### WHAT YOU SHOULD DO:
This calls for a word-for-word copy of all the data, with each picture removed.

**** DATA TO USE ****

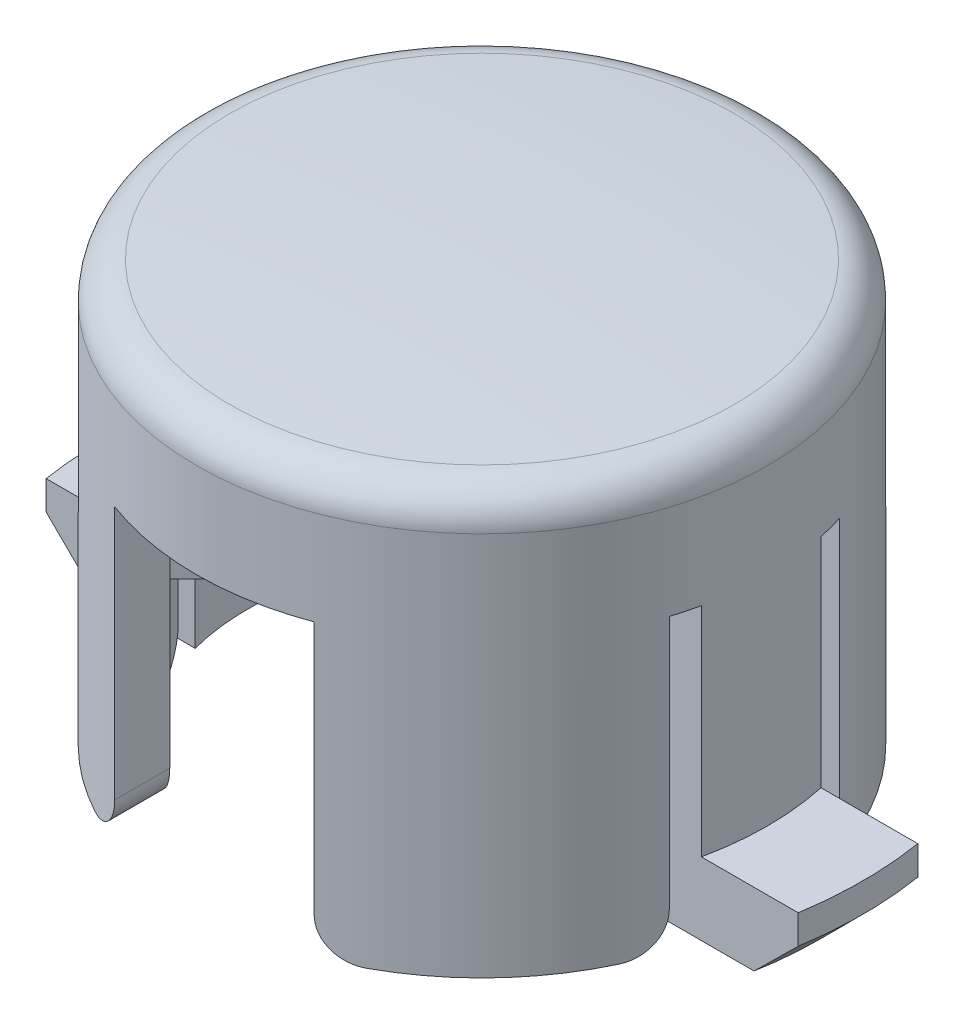
from build123d import *

# Parameters (mm, degrees)
SKETCH2_W     = 6.985
SKETCH2_H     = 32.356336156
SKETCH2_W_2   = 40.972237954
SKETCH2_H_2   = 0.889
CUTOUT_DEPTH  = 10.16
TAB_DEPTH     = 2.54
TAB_CHMF_SIZE = 1.524
CROSS_DEPTH   = 7.62
SKETCH4_W     = 3.302
SKETCH4_H     = 7.6962
BOX_DEPTH     = 13.059399
SKETCH6_W     = 1.778
SKETCH6_H     = 6.1722
BOXCUT_DEPTH  = 13.059399
FILLET1_R     = 1.27


with BuildPart() as part:
    # Sketch1 → dome/base (revolve)
    with BuildSketch(Plane.XY):
        with BuildLine():
            Line((0, 6.039891065), (0, 3.960890157))
            Line((0, 3.960890157), (8.222, 3.960890157))
            Line((8.222, 3.960890157), (8.222, -9.047708935))
            Line((8.222, -9.047708935), (10, -9.047708935))
            Line((10, -9.047708935), (10, 4.421422334))
            ThreePointArc((10, 4.421422334), (9.66312833, 5.282916106), (8.831225953, 5.687381775))
            ThreePointArc((8.831225953, 5.687381775), (4.419129287, 5.951728667), (0, 6.039891065))
        make_face()
    revolve(axis=Axis((0, 0, 0), (0, 1, 0)))

    # Sketch2 → cutout (cut)
    with BuildSketch(Plane.XZ.offset(9.047708935)):
        Rectangle(SKETCH2_W, SKETCH2_H)
        with Locations((0, 2.54)):
            Rectangle(SKETCH2_W_2, SKETCH2_H_2)
        with Locations((0, -2.54)):
            Rectangle(SKETCH2_W_2, SKETCH2_H_2)
    extrude(amount=-CUTOUT_DEPTH, mode=Mode.SUBTRACT)

    # Sketch3 → tab (add)
    with BuildSketch(Plane.XZ.offset(9.047708935)):
        with BuildLine():
            Line((-13.169324385, -2.0955), (-9.777979329, -2.0955))
            ThreePointArc((-9.777979329, -2.0955), (-10, 0), (-9.777979329, 2.0955))
            Line((-9.777979329, 2.0955), (-13.169324385, 2.0955))
            ThreePointArc((-13.169324385, 2.0955), (-13.335, 0), (-13.169324385, -2.0955))
        make_face()
        with BuildLine():
            Line((9.777979329, -2.0955), (13.169324385, -2.0955))
            ThreePointArc((13.169324385, -2.0955), (13.293516571, -1.051019583), (13.335, 0))
            ThreePointArc((13.335, 0), (13.293516571, 1.051019583), (13.169324385, 2.0955))
            Line((13.169324385, 2.0955), (9.777979329, 2.0955))
            ThreePointArc((9.777979329, 2.0955), (10, 0), (9.777979329, -2.0955))
        make_face()
    extrude(amount=-TAB_DEPTH)

    # tab chmf
    tab_chmf_edges = [part.edges().sort_by_distance(p)[0] for p in [
        (-13.335, -9.047708935, 0),
        (13.335, -9.047708935, 0),
    ]]
    chamfer(tab_chmf_edges, length=TAB_CHMF_SIZE)

    # Sketch5 → cross (add)
    with BuildSketch(Plane.XZ.offset(-3.960890157)):
        with BuildLine():
            Line((0, -0.71842049), (-0.71842049, 0))
            Line((-0.71842049, 0), (-6.161934605, -5.443514115))
            ThreePointArc((-6.161934605, -5.443514115), (-5.813831955, -5.813831955), (-5.443514115, -6.161934605))
            Line((-5.443514115, -6.161934605), (0, -0.71842049))
        make_face()
        with BuildLine():
            Line((6.161934605, -5.443514115), (0.71842049, 0))
            Line((0.71842049, 0), (0, -0.71842049))
            Line((0, -0.71842049), (5.443514115, -6.161934605))
            ThreePointArc((5.443514115, -6.161934605), (5.813831955, -5.813831955), (6.161934605, -5.443514115))
        make_face()
        with BuildLine():
            Line((5.443514115, 6.161934605), (0, 0.71842049))
            Line((0, 0.71842049), (0.71842049, 0))
            Line((0.71842049, 0), (6.161934605, 5.443514115))
            ThreePointArc((6.161934605, 5.443514115), (5.813831955, 5.813831955), (5.443514115, 6.161934605))
        make_face()
        Polygon((0.71842049, 0), (0, 0.71842049), (-0.71842049, 0), (0, -0.71842049), align=None)
        with BuildLine():
            Line((-0.71842049, 0), (0, 0.71842049))
            Line((0, 0.71842049), (-5.443514115, 6.161934605))
            ThreePointArc((-5.443514115, 6.161934605), (-5.813831955, 5.813831955), (-6.161934605, 5.443514115))
            Line((-6.161934605, 5.443514115), (-0.71842049, 0))
        make_face()
    extrude(amount=CROSS_DEPTH)

    # Sketch4 → box (add)
    with BuildSketch(Plane.XZ.offset(-3.960890157)):
        Rectangle(SKETCH4_W, SKETCH4_H)
    extrude(amount=BOX_DEPTH)

    # Sketch6 → boxcut (cut)
    with BuildSketch(Plane.XZ.offset(9.098508935)):
        Rectangle(SKETCH6_W, SKETCH6_H)
    extrude(amount=-BOXCUT_DEPTH, mode=Mode.SUBTRACT)

    # Fillet1
    fillet1_edges = [part.edges().sort_by_distance(p)[0] for p in [
        (-3.4925, -9.047708935, -8.406831929),
        (3.4925, -9.047708935, -8.406831929),
        (8.602728257, -9.047708935, -2.9845),
        (-8.602728257, -9.047708935, -2.9845),
        (-3.4925, -9.047708935, 8.406831929),
        (3.4925, -9.047708935, 8.406831929),
        (-8.602728257, -9.047708935, 2.9845),
        (8.602728257, -9.047708935, 2.9845),
    ]]
    fillet(fillet1_edges, radius=FILLET1_R)


solid = part.part

****

### RESULT:
from build123d import *

# Parameters (mm, degrees)
SKETCH2_W     = 6.985
SKETCH2_H     = 32.356336156
SKETCH2_W_2   = 40.972237954
SKETCH2_H_2   = 0.889
CUTOUT_DEPTH  = 10.16
TAB_DEPTH     = 2.54
TAB_CHMF_SIZE = 1.524
CROSS_DEPTH   = 7.62
SKETCH4_W     = 3.302
SKETCH4_H     = 7.6962
BOX_DEPTH     = 13.059399
SKETCH6_W     = 1.778
SKETCH6_H     = 6.1722
BOXCUT_DEPTH  = 13.059399
FILLET1_R     = 1.27


with BuildPart() as part:
    # Sketch1 → dome/base (revolve)
    with BuildSketch(Plane.XY):
        with BuildLine():
            Line((0, 6.039891065), (0, 3.960890157))
            Line((0, 3.960890157), (8.222, 3.960890157))
            Line((8.222, 3.960890157), (8.222, -9.047708935))
            Line((8.222, -9.047708935), (10, -9.047708935))
            Line((10, -9.047708935), (10, 4.421422334))
            ThreePointArc((10, 4.421422334), (9.66312833, 5.282916106), (8.831225953, 5.687381775))
            ThreePointArc((8.831225953, 5.687381775), (4.419129287, 5.951728667), (0, 6.039891065))
        make_face()
    revolve(axis=Axis((0, 0, 0), (0, 1, 0)))

    # Sketch2 → cutout (cut)
    with BuildSketch(Plane.XZ.offset(9.047708935)):
        Rectangle(SKETCH2_W, SKETCH2_H)
        with Locations((0, 2.54)):
            Rectangle(SKETCH2_W_2, SKETCH2_H_2)
        with Locations((0, -2.54)):
            Rectangle(SKETCH2_W_2, SKETCH2_H_2)
    extrude(amount=-CUTOUT_DEPTH, mode=Mode.SUBTRACT)

    # Sketch3 → tab (add)
    with BuildSketch(Plane.XZ.offset(9.047708935)):
        with BuildLine():
            Line((-13.169324385, -2.0955), (-9.777979329, -2.0955))
            ThreePointArc((-9.777979329, -2.0955), (-10, 0), (-9.777979329, 2.0955))
            Line((-9.777979329, 2.0955), (-13.169324385, 2.0955))
            ThreePointArc((-13.169324385, 2.0955), (-13.335, 0), (-13.169324385, -2.0955))
        make_face()
        with BuildLine():
            Line((9.777979329, -2.0955), (13.169324385, -2.0955))
            ThreePointArc((13.169324385, -2.0955), (13.293516571, -1.051019583), (13.335, 0))
            ThreePointArc((13.335, 0), (13.293516571, 1.051019583), (13.169324385, 2.0955))
            Line((13.169324385, 2.0955), (9.777979329, 2.0955))
            ThreePointArc((9.777979329, 2.0955), (10, 0), (9.777979329, -2.0955))
        make_face()
    extrude(amount=-TAB_DEPTH)

    # tab chmf
    tab_chmf_edges = [part.edges().sort_by_distance(p)[0] for p in [
        (-13.335, -9.047708935, 0),
        (13.335, -9.047708935, 0),
    ]]
    chamfer(tab_chmf_edges, length=TAB_CHMF_SIZE)

    # Sketch5 → cross (add)
    with BuildSketch(Plane.XZ.offset(-3.960890157)):
        with BuildLine():
            Line((0, -0.71842049), (-0.71842049, 0))
            Line((-0.71842049, 0), (-6.161934605, -5.443514115))
            ThreePointArc((-6.161934605, -5.443514115), (-5.813831955, -5.813831955), (-5.443514115, -6.161934605))
            Line((-5.443514115, -6.161934605), (0, -0.71842049))
        make_face()
        with BuildLine():
            Line((6.161934605, -5.443514115), (0.71842049, 0))
            Line((0.71842049, 0), (0, -0.71842049))
            Line((0, -0.71842049), (5.443514115, -6.161934605))
            ThreePointArc((5.443514115, -6.161934605), (5.813831955, -5.813831955), (6.161934605, -5.443514115))
        make_face()
        with BuildLine():
            Line((5.443514115, 6.161934605), (0, 0.71842049))
            Line((0, 0.71842049), (0.71842049, 0))
            Line((0.71842049, 0), (6.161934605, 5.443514115))
            ThreePointArc((6.161934605, 5.443514115), (5.813831955, 5.813831955), (5.443514115, 6.161934605))
        make_face()
        Polygon((0.71842049, 0), (0, 0.71842049), (-0.71842049, 0), (0, -0.71842049), align=None)
        with BuildLine():
            Line((-0.71842049, 0), (0, 0.71842049))
            Line((0, 0.71842049), (-5.443514115, 6.161934605))
            ThreePointArc((-5.443514115, 6.161934605), (-5.813831955, 5.813831955), (-6.161934605, 5.443514115))
            Line((-6.161934605, 5.443514115), (-0.71842049, 0))
        make_face()
    extrude(amount=CROSS_DEPTH)

    # Sketch4 → box (add)
    with BuildSketch(Plane.XZ.offset(-3.960890157)):
        Rectangle(SKETCH4_W, SKETCH4_H)
    extrude(amount=BOX_DEPTH)

    # Sketch6 → boxcut (cut)
    with BuildSketch(Plane.XZ.offset(9.098508935)):
        Rectangle(SKETCH6_W, SKETCH6_H)
    extrude(amount=-BOXCUT_DEPTH, mode=Mode.SUBTRACT)

    # Fillet1
    fillet1_edges = [part.edges().sort_by_distance(p)[0] for p in [
        (-3.4925, -9.047708935, -8.406831929),
        (3.4925, -9.047708935, -8.406831929),
        (8.602728257, -9.047708935, -2.9845),
        (-8.602728257, -9.047708935, -2.9845),
        (-3.4925, -9.047708935, 8.406831929),
        (3.4925, -9.047708935, 8.406831929),
        (-8.602728257, -9.047708935, 2.9845),
        (8.602728257, -9.047708935, 2.9845),
    ]]
    fillet(fillet1_edges, radius=FILLET1_R)


solid = part.part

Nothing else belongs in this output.